La escritora, que publica sus esperadas memorias, reflexiona en una entrevista en Toronto sobre Trump, la vigencia de ‘El cuento de la criada’, la literatura canadiense o el final de la vida
Es hora punta en este ajetreado café del centro de Toronto, pero nadie parece reparar en la presencia de Margaret Atwood, la escritora más famosa de Canadá y una de las más célebres del mundo. Menuda, vestida de oscuro y tocada por un sombrero que tapa su blanca cabellera rizada, Atwood, de 85 años, cruza el local inadvertida y, en uno de esos soleados días en los que el otoño canadiense enseña tímidamente los dientes del invierno, escoge la terraza para hablar con un hilo de voz grave y su acostumbrada ironía de sus esperadísimas memorias.
No le veía el sentido a escribirlas (“¿Quién quiere leer la historia de alguien sentado delante de un escritorio peleándose con un folio en blanco?“, se pregunta en el libro; ”Para morirse de aburrimiento”, remata), pero finalmente lo hizo. Y las ha titulado El libro de las vidas (Salamandra), porque son exactamente eso: el recuento nada aburrido, generoso y bienhumorado de las existencias que le tocaron en suerte a alguien siempre dispuesto a restarse importancia: de la infancia silvestre a la juventud errante; del despertar como la poeta que acaba de ser galardonada con el Premio Internacional Joan Margarit a la consagración de la novelista; y de la madurez como la autora profética de El cuento de la criada a los años de la viudedad tras la muerte en 2019 de su segundo marido, Graeme Gibson, compañero de casi toda una vida y padre de su hija.

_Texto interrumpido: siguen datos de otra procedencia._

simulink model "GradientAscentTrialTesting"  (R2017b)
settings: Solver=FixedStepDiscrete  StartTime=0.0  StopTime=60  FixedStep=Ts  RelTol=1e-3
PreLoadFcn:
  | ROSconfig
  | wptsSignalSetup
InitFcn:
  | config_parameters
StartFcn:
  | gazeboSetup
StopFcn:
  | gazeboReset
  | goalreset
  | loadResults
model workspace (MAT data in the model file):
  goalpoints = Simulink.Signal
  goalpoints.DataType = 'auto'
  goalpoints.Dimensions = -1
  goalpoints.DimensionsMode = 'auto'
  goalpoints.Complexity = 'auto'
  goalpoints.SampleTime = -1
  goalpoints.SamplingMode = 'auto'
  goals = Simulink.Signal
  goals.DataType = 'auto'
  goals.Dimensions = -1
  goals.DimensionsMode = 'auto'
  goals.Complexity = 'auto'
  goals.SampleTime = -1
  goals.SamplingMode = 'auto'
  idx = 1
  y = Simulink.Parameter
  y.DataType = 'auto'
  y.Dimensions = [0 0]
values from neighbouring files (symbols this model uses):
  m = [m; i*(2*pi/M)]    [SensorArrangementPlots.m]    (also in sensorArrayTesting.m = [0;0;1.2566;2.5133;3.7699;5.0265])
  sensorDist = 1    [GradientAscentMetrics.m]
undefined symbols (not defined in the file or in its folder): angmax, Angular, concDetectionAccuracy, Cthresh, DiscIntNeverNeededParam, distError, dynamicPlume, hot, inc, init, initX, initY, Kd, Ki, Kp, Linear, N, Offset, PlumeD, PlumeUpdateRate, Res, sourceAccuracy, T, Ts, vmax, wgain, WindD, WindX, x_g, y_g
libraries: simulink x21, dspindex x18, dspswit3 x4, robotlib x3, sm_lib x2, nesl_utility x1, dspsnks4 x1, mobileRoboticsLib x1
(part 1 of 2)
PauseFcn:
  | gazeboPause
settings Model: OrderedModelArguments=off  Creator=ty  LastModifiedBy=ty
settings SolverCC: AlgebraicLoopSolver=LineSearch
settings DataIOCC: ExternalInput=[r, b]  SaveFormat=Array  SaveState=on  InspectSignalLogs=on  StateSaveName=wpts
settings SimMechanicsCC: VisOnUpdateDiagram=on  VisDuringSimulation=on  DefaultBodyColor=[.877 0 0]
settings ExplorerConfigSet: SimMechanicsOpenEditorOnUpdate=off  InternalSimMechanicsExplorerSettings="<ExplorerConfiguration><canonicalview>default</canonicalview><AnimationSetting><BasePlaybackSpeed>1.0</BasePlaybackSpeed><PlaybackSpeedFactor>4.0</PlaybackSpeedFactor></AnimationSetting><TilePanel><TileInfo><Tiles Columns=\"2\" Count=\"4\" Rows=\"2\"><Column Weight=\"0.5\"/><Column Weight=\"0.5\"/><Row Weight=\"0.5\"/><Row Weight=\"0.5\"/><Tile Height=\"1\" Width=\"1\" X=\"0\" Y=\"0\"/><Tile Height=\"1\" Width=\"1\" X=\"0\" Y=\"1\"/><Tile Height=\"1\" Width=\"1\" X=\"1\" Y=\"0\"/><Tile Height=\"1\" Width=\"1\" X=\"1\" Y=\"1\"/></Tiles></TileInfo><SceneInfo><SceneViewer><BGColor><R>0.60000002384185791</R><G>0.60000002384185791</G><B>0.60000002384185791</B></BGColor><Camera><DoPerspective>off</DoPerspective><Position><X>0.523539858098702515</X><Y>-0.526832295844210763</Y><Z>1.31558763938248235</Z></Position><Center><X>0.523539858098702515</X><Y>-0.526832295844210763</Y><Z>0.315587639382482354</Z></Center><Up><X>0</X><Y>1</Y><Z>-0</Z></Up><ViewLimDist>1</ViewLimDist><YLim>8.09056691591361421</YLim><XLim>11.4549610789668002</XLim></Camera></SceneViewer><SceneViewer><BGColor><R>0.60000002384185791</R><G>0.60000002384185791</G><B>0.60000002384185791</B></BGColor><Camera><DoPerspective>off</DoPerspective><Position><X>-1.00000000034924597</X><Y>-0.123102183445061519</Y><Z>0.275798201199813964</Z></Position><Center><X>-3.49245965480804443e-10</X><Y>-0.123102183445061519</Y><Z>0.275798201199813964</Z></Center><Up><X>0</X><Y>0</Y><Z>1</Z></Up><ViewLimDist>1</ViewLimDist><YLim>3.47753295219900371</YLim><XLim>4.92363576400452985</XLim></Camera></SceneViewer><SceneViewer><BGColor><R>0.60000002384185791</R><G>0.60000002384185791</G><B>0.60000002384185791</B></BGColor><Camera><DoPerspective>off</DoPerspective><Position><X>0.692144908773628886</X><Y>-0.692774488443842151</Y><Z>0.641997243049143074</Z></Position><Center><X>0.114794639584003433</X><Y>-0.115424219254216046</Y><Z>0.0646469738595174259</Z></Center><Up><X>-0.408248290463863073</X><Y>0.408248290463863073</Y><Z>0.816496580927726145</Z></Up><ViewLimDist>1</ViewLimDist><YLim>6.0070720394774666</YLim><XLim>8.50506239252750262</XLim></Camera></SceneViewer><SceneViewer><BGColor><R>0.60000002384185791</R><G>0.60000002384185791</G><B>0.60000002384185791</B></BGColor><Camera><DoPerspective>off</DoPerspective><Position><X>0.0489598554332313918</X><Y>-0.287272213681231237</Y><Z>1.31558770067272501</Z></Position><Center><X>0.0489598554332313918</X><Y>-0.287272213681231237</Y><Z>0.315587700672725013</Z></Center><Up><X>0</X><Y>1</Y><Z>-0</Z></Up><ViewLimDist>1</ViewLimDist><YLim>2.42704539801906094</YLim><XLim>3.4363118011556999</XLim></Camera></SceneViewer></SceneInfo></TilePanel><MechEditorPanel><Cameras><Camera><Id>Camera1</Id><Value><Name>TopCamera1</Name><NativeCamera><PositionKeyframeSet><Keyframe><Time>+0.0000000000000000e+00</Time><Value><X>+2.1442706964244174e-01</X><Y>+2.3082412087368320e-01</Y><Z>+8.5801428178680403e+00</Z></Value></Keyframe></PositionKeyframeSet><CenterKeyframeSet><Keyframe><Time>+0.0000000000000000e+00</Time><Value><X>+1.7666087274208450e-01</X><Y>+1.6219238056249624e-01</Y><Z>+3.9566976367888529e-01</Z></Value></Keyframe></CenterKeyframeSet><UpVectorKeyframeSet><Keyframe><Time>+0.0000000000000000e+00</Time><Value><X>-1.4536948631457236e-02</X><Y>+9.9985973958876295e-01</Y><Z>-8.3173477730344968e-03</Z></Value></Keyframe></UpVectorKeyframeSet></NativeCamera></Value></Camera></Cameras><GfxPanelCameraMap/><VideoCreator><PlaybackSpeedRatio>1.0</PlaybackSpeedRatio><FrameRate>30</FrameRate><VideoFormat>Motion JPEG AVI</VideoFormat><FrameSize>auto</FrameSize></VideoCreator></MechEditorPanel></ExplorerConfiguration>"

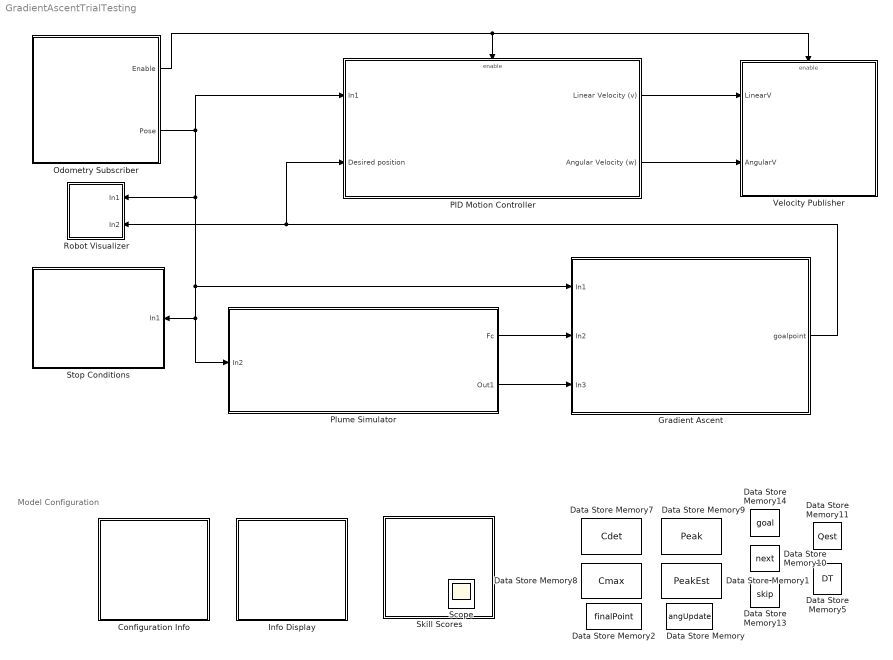
== system GradientAscentTrialTesting ==
  note: Model Configuration
  Configuration Info : Subsystem
  Data Store Memory : DataStoreMemory  DataStoreName=angUpdate  ReadBeforeWriteMsg=warning  WriteAfterWriteMsg=warning  WriteAfterReadMsg=warning  ShowAdditionalParam=off
  Data Store Memory1 : DataStoreMemory  DataStoreName=PeakEst  ReadBeforeWriteMsg=warning  WriteAfterWriteMsg=warning  WriteAfterReadMsg=warning  InitialValue=[(initX) (initY)]  VectorParams1D=off  ShowAdditionalParam=off
  Data Store Memory10 : DataStoreMemory  DataStoreName=next  ReadBeforeWriteMsg=warning  WriteAfterWriteMsg=warning  WriteAfterReadMsg=warning  ShowAdditionalParam=off
  Data Store Memory11 : DataStoreMemory  DataStoreName=Qest  ReadBeforeWriteMsg=warning  WriteAfterWriteMsg=warning  WriteAfterReadMsg=warning  ShowAdditionalParam=off
  Data Store Memory13 : DataStoreMemory  DataStoreName=skip  ReadBeforeWriteMsg=warning  WriteAfterWriteMsg=warning  WriteAfterReadMsg=warning  ShowAdditionalParam=off
  Data Store Memory14 : DataStoreMemory  DataStoreName=goal  ReadBeforeWriteMsg=warning  WriteAfterWriteMsg=warning  WriteAfterReadMsg=warning  VectorParams1D=off  ShowAdditionalParam=off
  Data Store Memory2 : DataStoreMemory  DataStoreName=finalPoint  ReadBeforeWriteMsg=warning  WriteAfterWriteMsg=warning  WriteAfterReadMsg=warning  ShowAdditionalParam=off
  Data Store Memory5 : DataStoreMemory  DataStoreName=DT  ReadBeforeWriteMsg=warning  WriteAfterWriteMsg=warning  WriteAfterReadMsg=warning  InitialValue=[0]  VectorParams1D=off  ShowAdditionalParam=off
  Data Store Memory7 : DataStoreMemory  DataStoreName=Cdet  ReadBeforeWriteMsg=warning  WriteAfterWriteMsg=warning  WriteAfterReadMsg=warning  ShowAdditionalParam=off
  Data Store Memory8 : DataStoreMemory  DataStoreName=Cmax  ReadBeforeWriteMsg=warning  WriteAfterWriteMsg=warning  WriteAfterReadMsg=warning  ShowAdditionalParam=off
  Data Store Memory9 : DataStoreMemory  DataStoreName=Peak  ReadBeforeWriteMsg=warning  WriteAfterWriteMsg=warning  WriteAfterReadMsg=warning  InitialValue=[x_g,y_g]  ShowAdditionalParam=off
  Gradient Ascent : Subsystem  mask{sensorDist=.5, mag=2}
      mask prompts: sensorDist "Sensor Distance"; mag "Update Magnitude"
  Info Display : Subsystem
  Odometry Subscriber : Subsystem
  PID Motion Controller : Subsystem
  Plume Simulator : Subsystem
  Robot Visualizer : Subsystem
  Skill Scores : Subsystem
  Stop Conditions : Subsystem
  Velocity Publisher : Subsystem
  Scope : Scope
  wires:
  Odometry Subscriber/1(Enable) -> Velocity Publisher/Enable, PID Motion Controller/Enable
  Odometry Subscriber/2(Pose) -> Plume Simulator/1(In2), Stop Conditions/1(In1), Gradient Ascent/1(In1), Robot Visualizer/1(In1), PID Motion Controller/1(In1)
  PID Motion Controller/1(Linear Velocity (v)) -> Velocity Publisher/1(LinearV)
  PID Motion Controller/2(Angular Velocity (w)) -> Velocity Publisher/2(AngularV)
  Gradient Ascent/1(goalpoint) -> PID Motion Controller/2(Desired position), Robot Visualizer/2(In2)
  Plume Simulator/1(Fc) -> Gradient Ascent/2(In2)
  Plume Simulator/2(Out1) -> Gradient Ascent/3(In3)

== system GradientAscentTrialTesting/Configuration Info ==
  note: Nodes :
      | Publishers:
      | /sim_p3at/cmd_vel
      | /toggle_led
      | Subscribers:
      | /sim_p3at/odom
      | Messages:
      | geometry_msgs/Twist
      | std_msgs/Empty
  note: Startup Programs :
      | roscore
      | roslaunch nre_p3at p3at.gazebo.launch (starts Gazebo and /sim_p3at Nodes)
      | Arduino: ledtest3.ino
      | rosrun rosserial_python serial_node.py /dev/ttyACM0
      | MATLAB: (Simulink project)
  note: SS Parameters :
      | Expansion Constant: 2
  note: Plume Parameters :
      |
      | Diffusion constant (m2/s): c_diff = .8
      |
      | Advection velocity values (m/s): ux = 0 uy = 0 uz = 0.2
      |
      | Simulation Time (seconds): T = 10
      |
      | Domain dimensions (meters): L = 50 B = 50 H = 5
  "Counter " : Subsystem  Commented=on
  Floating Scope : Scope  Commented=on
      settings: Floating=on
  MechanismConfiguration : sm_lib/Utilities/Mechanism Configuration  UniformGravity=Constant  GravityVector=[0 0 -9.80665]  GravityUnits=m/s^2  LinearizationDelta=0.01
  Solver Configuration : nesl_utility/Solver Configuration  PhysicalDomain=network_engine_domain  SubClassName=solver  LeftPortType=input  RightPortType=generic  Accelerate=off  Tones=[]  Harmonics=[]  SimulateNoise=off  Profile=off  UseLocalSampling=off  EnableSwitchedLinearOptims=on  FrequencyDomain=off  UseCCode=off  RelTol=0.001  AbsTol=1e-06  MinStep=1e-09  ToWorkspace=off  RevertToSquareIcSolve=off  NumHomotopyIterations=100  PhasorMode=off  PhasorModeNumHarmonics=1  DoDC=on  ResidualTolerance=1e-09  UseLocalSolver=on  LocalSolverChoice=NE_BACKWARD_EULER_ADVANCER  LocalSolverSampleTime=Ts  DoFixedCost=on  MaxNonlinIter=3  MaxModeIter=2  LinearAlgebra=Sparse  DelaysMemoryBudget=1024  AutomaticFiltering=on  FilteringTimeConstant=0.01
  World : sm_lib/Frames and Transforms/World Frame
  connections:
  MechanismConfiguration/RConn1 -- World/RConn1 -- Solver Configuration/RConn1

== system GradientAscentTrialTesting/Gradient Ascent ==
  In1 : Inport
  In2 : Inport  Port=2
  In3 : Inport  Port=3
  Constant : Constant  Value=sensorDist
  Constant1 : Constant  Value=N
  Data Store Read : DataStoreRead  DataStoreName=next
  Data Store Write : DataStoreWrite  DataStoreName=angUpdate
  Detect Change : simulink/Logic and Bit Operations/Detect Change  vinit=1.514  OutDataTypeStr=boolean
  Display : Display
  GradAscent : MATLAB Function  TreatAsAtomicUnit=on
  Subsystem1 : Subsystem
  goalpoint : Outport
  wires:
  In1/1 -> Subsystem1/1(pose)
  In2/1 -> GradAscent/1(C)
  In3/1 -> GradAscent/2(n)
  GradAscent/1(ang) -> Detect Change/1, Display/1, Subsystem1/3(ang)
  Subsystem1/1(goal) -> goalpoint/1
  Data Store Read/1 -> Subsystem1/2(next)
  Constant/1 -> GradAscent/4(r)
  Constant1/1 -> GradAscent/3(N)
  Detect Change/1 -> Data Store Write/1

== system GradientAscentTrialTesting/Info Display ==
  Clock : Clock
      settings: Decimation=2
  Data Store Read : DataStoreRead  DataStoreName=PeakEst
  Data Store Read1 : DataStoreRead  DataStoreName=Peak
  Data Store Read2 : DataStoreRead  DataStoreName=Cmax
  Data Store Read3 : DataStoreRead  DataStoreName=Cdet
  Data Store Read4 : DataStoreRead  DataStoreName=Qest
  Detected Concentration Levels : Subsystem  DialogController=hmiCreateDDGDialog  IsWebBlock=on  mask(MWDashboardBlock){webBlockId=6b377d99-0008-4121-aea7-73876731bd10, webBlockType=sdiscope, ShowInitialText=off, HMISrcModelName=GradientAscentTrialTesting}
      mask prompts: webBlockId "WebBlock Id"; webBlockType "WebBlock Type"; HMISrcModelName "Source Model"
      mask help: SimulinkHMI:dialogs:HMIScopeDialogDesc
      mask Help: helpview([docroot '/mapfiles/simulink.map'], 'hmi_scope')
      mask Display:
      | if strcmp(get_param(bdroot(gcb),'BlockDiagramType'), 'library')
      |     image([(matlabroot) '/toolbox/simulink/hmi/icons/DashboardScope.png']);
      | end
  Display{,1..5} (6 alike) : Display
  Localization Error : Subsystem  DialogController=hmiCreateDDGDialog  IsWebBlock=on  mask(MWDashboardBlock){webBlockId=d5e779f4-6058-4c24-8153-4ecbd3312a81, webBlockType=sdiscope, ShowInitialText=on, HMISrcModelName=GradientAscentTrialTesting}
      mask prompts: webBlockId "WebBlock Id"; webBlockType "WebBlock Type"; HMISrcModelName "Source Model"
      mask help: SimulinkHMI:dialogs:HMIScopeDialogDesc
      mask Help: helpview([docroot '/mapfiles/simulink.map'], 'hmi_scope')
      mask Display:
      | if strcmp(get_param(bdroot(gcb),'BlockDiagramType'), 'library')
      |     image([(matlabroot) '/toolbox/simulink/hmi/icons/DashboardScope.png']);
      | end
  To Workspace : ToWorkspace  VariableName=Tm  SampleTime=-1
  wires:
  Data Store Read1/1 -> Display/1
  Data Store Read/1 -> Display4/1
  Data Store Read4/1 -> Display3/1
  Data Store Read2/1 -> Display2/1
  Clock/1 -> To Workspace/1, Display1/1
  Data Store Read3/1 -> Display5/1

== system GradientAscentTrialTesting/Odometry Subscriber ==
  Odom Conversion : Subsystem
  Subscribe1 : robotlib/Subscribe  SourceLibraryInfo=This block requires Robotics System Toolbox  topicSource=Select from ROS network  topic=/sim_p3at/odom  messageType=nav_msgs/Odometry  sampleTime=-1  messageQueueLength=51
      settings: SourceProductBaseCode=RO
  Enable : Outport
  Pose : Outport  Port=2
  wires:
  Subscribe1/1 -> Enable/1
  Subscribe1/2 -> Odom Conversion/1(In1)
  Odom Conversion/1(pose) -> Pose/1

== system GradientAscentTrialTesting/PID Motion Controller ==
  In1 : Inport
  Desired position : Inport  Port=2
  Enable : EnablePort
  Constant3 : Constant  Value=0
  Demux : Demux  Outputs=3
  PID Calculations : Subsystem  mask{distThresh=0.5}
      mask prompts: distThresh "Distance Threshold"
  Switch1 : Switch  Criteria=u2 ~= 0
  Linear Velocity (v) : Outport
  Angular Velocity (w) : Outport  Port=2
  wires:
  Switch1/1 -> Angular Velocity (w)/1
  Constant3/1 -> Switch1/1
  Desired position/1 -> PID Calculations/1(SP)  "SP"
  Demux/1 -> PID Calculations/3(x)
  Demux/2 -> PID Calculations/2(y)
  Demux/3 -> PID Calculations/4(theta)
  PID Calculations/1(v) -> Linear Velocity (v)/1
  PID Calculations/3(w) -> Switch1/3
  In1/1 -> Demux/1
  PID Calculations/2(next) -> Switch1/2

== system GradientAscentTrialTesting/Plume Simulator ==
  In2 : Inport
  Plume Model Data Simulator : Subsystem
  Fc : Outport
  Out1 : Outport  Port=2
  wires:
  In2/1 -> Plume Model Data Simulator/1(In2)
  Plume Model Data Simulator/1(C) -> Fc/1
  Plume Model Data Simulator/2(n) -> Out1/1

== system GradientAscentTrialTesting/Robot Visualizer ==
  In1 : Inport
  In2 : Inport  Port=2
  Data Store Write : DataStoreWrite  DataStoreName=PeakEst
  Robot Visualizer : mobileRoboticsLib/Environments/Robot Visualizer  Priority=99  robotRadius=.34  mapName=gasMap  showTrajectory=on  hasWaypoints=on  hasLidar=off  sensorOffset=[ 0 0 ]  scanAngles=0  hasObjDetector=off  objDetectorOffset=[ 0,0 ]  objDetectorAngle=0  objDetectorFOV=0  objDetectorMaxRange=0  objectColors=[1,0,0;0,1,0;0,0,1]  objectMarkers='s'
  To Workspace : ToWorkspace  VariableName=goalpoints  SampleTime=-1
      settings: Save2DSignal=2-D array (concatenate along first dimension)
  wires:
  In1/1 -> Robot Visualizer/1  "pose"
  In2/1 -> To Workspace/1, Data Store Write/1, Robot Visualizer/2  "goalpoints"

== system GradientAscentTrialTesting/Skill Scores ==
  Location Estimate (SL) : Subsystem
  Source Estimate (SQ) : Subsystem

== system GradientAscentTrialTesting/Stop Conditions ==
  In1 : Inport
  Compare To Constant : simulink/Logic and Bit Operations/Compare To Constant  relop=>  const=concDetectionAccuracy  OutDataTypeStr=boolean
  Constant : Constant  Value=0
  Constant1 : Constant
  Counter : dspswit3/Counter  Direction=Up  CountEvent=Rising edge  CounterSize=User defined  MaxCount=255  InitialCount=0  Output=Count  HitValue=32  ResetInput=off  SamplesPerFrame=1  Ts=1  CntDtype=double  HitDtype=Logical
  Data Store Read1 : DataStoreRead  DataStoreName=Cmax
  Data Store Read3 : DataStoreRead  DataStoreName=Qest
  Data Store Read4 : DataStoreRead  DataStoreName=Peak
  Data Store Read5 : DataStoreRead  DataStoreName=PeakEst
  Data Store Read6 : DataStoreRead  DataStoreName=Peak
  Data Store Write : DataStoreWrite  DataStoreName=finalPoint
  Demux : Demux  Outputs=3
  Distance Threshold1 : simulink/Logic and Bit Operations/Compare To Constant  relop=<=  const=sourceAccuracy  OutDataTypeStr=boolean
  Distance Threshold2 : simulink/Logic and Bit Operations/Compare To Constant  relop=<=  const=.5  OutDataTypeStr=boolean
  Distance1 : Fcn  Expr=sqrt(u(1)^2+u(2)^2)
  Distance2 : Fcn  Expr=sqrt(u(1)^2+u(2)^2)
  Divide1 : Product  Inputs=*/
  Logical Operator1 : Logic  Operator=OR  AllPortsSameDT=off  OutDataTypeStr=boolean
  Mux : Mux  Inputs=2
  Stop Simulation : Stop
  Subtract1 : Sum  Inputs=+-
  Subtract2 : Sum  Inputs=+-
  Switch1 : Switch  Criteria=u2 > Threshold
  Terminator : Terminator
  wires:
  Logical Operator1/1 -> Counter/1
  Compare To Constant/1 -> Logical Operator1/2
  Data Store Read3/1 -> Divide1/1
  Data Store Read5/1 -> Subtract1/1
  Subtract1/1 -> Distance1/1
  Distance Threshold1/1 -> Logical Operator1/1
  Data Store Read4/1 -> Subtract1/2
  Data Store Read1/1 -> Divide1/2
  Distance1/1 -> Distance Threshold1/1
  Divide1/1 -> Compare To Constant/1
  Data Store Read6/1 -> Subtract2/1
  Subtract2/1 -> Distance2/1
  Distance2/1 -> Distance Threshold2/1
  Distance Threshold2/1 -> Stop Simulation/1
  Constant1/1 -> Switch1/1
  Constant/1 -> Switch1/3
  Counter/1 -> Switch1/2
  Switch1/1 -> Data Store Write/1
  In1/1 -> Demux/1
  Demux/1 -> Mux/1
  Demux/2 -> Mux/2
  Mux/1 -> Subtract2/2
  Demux/3 -> Terminator/1

== system GradientAscentTrialTesting/Velocity Publisher ==
  LinearV : Inport
  AngularV : Inport  Port=2
  Enable : EnablePort
  Blank Message : robotlib/Blank Message  SourceLibraryInfo=This block requires Robotics System Toolbox  messageType=geometry_msgs/Twist  SampleTime=-1
      settings: SourceProductBaseCode=RO
  Bus Assignment : BusAssignment  DialogController=Simulink.DDGSource_BusAssignment  AssignedSignals=Linear.X,Angular.Z
  Publish1 : robotlib/Publish  SourceLibraryInfo=This block requires Robotics System Toolbox  topicSource=Select from ROS network  topic=/sim_p3at/cmd_vel  messageType=geometry_msgs/Twist  messageQueueLength=105
      settings: SourceProductBaseCode=RO
  wires:
  AngularV/1 -> Bus Assignment/3
  Bus Assignment/1 -> Publish1/1
  LinearV/1 -> Bus Assignment/2
  Blank Message/1 -> Bus Assignment/1

== system GradientAscentTrialTesting/Configuration Info/Counter  ==
  In1 : Inport
  Counter : dspswit3/Counter  Direction=Up  CountEvent=Non-zero sample  CounterSize=User defined  MaxCount=255  InitialCount=0  Output=Count  HitValue=32  ResetInput=off  SamplesPerFrame=1  Ts=1  CntDtype=single  HitDtype=Logical
  Counter1 : dspswit3/Counter  Direction=Up  CountEvent=Rising edge  CounterSize=User defined  MaxCount=255  InitialCount=0  Output=Count  HitValue=32  ResetInput=off  SamplesPerFrame=1  Ts=1  CntDtype=double  HitDtype=Logical
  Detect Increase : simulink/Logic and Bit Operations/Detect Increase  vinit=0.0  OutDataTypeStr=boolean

El libro, de casi 700 páginas, es también el relato de un tiempo perdido: la historia de la generación de la posguerra y de la evolución de las costumbres en la segunda mitad del siglo XX, de los triunfos y tribulaciones del feminismo y de esas letras canadienses que emergieron, gracias a ella y a sus coetáneos, a la sombra hegemónica de Estados Unidos. De ellas, el tópico suele decir que Atwood −“Peggy, para los amigos”, matiza− es su gran dama.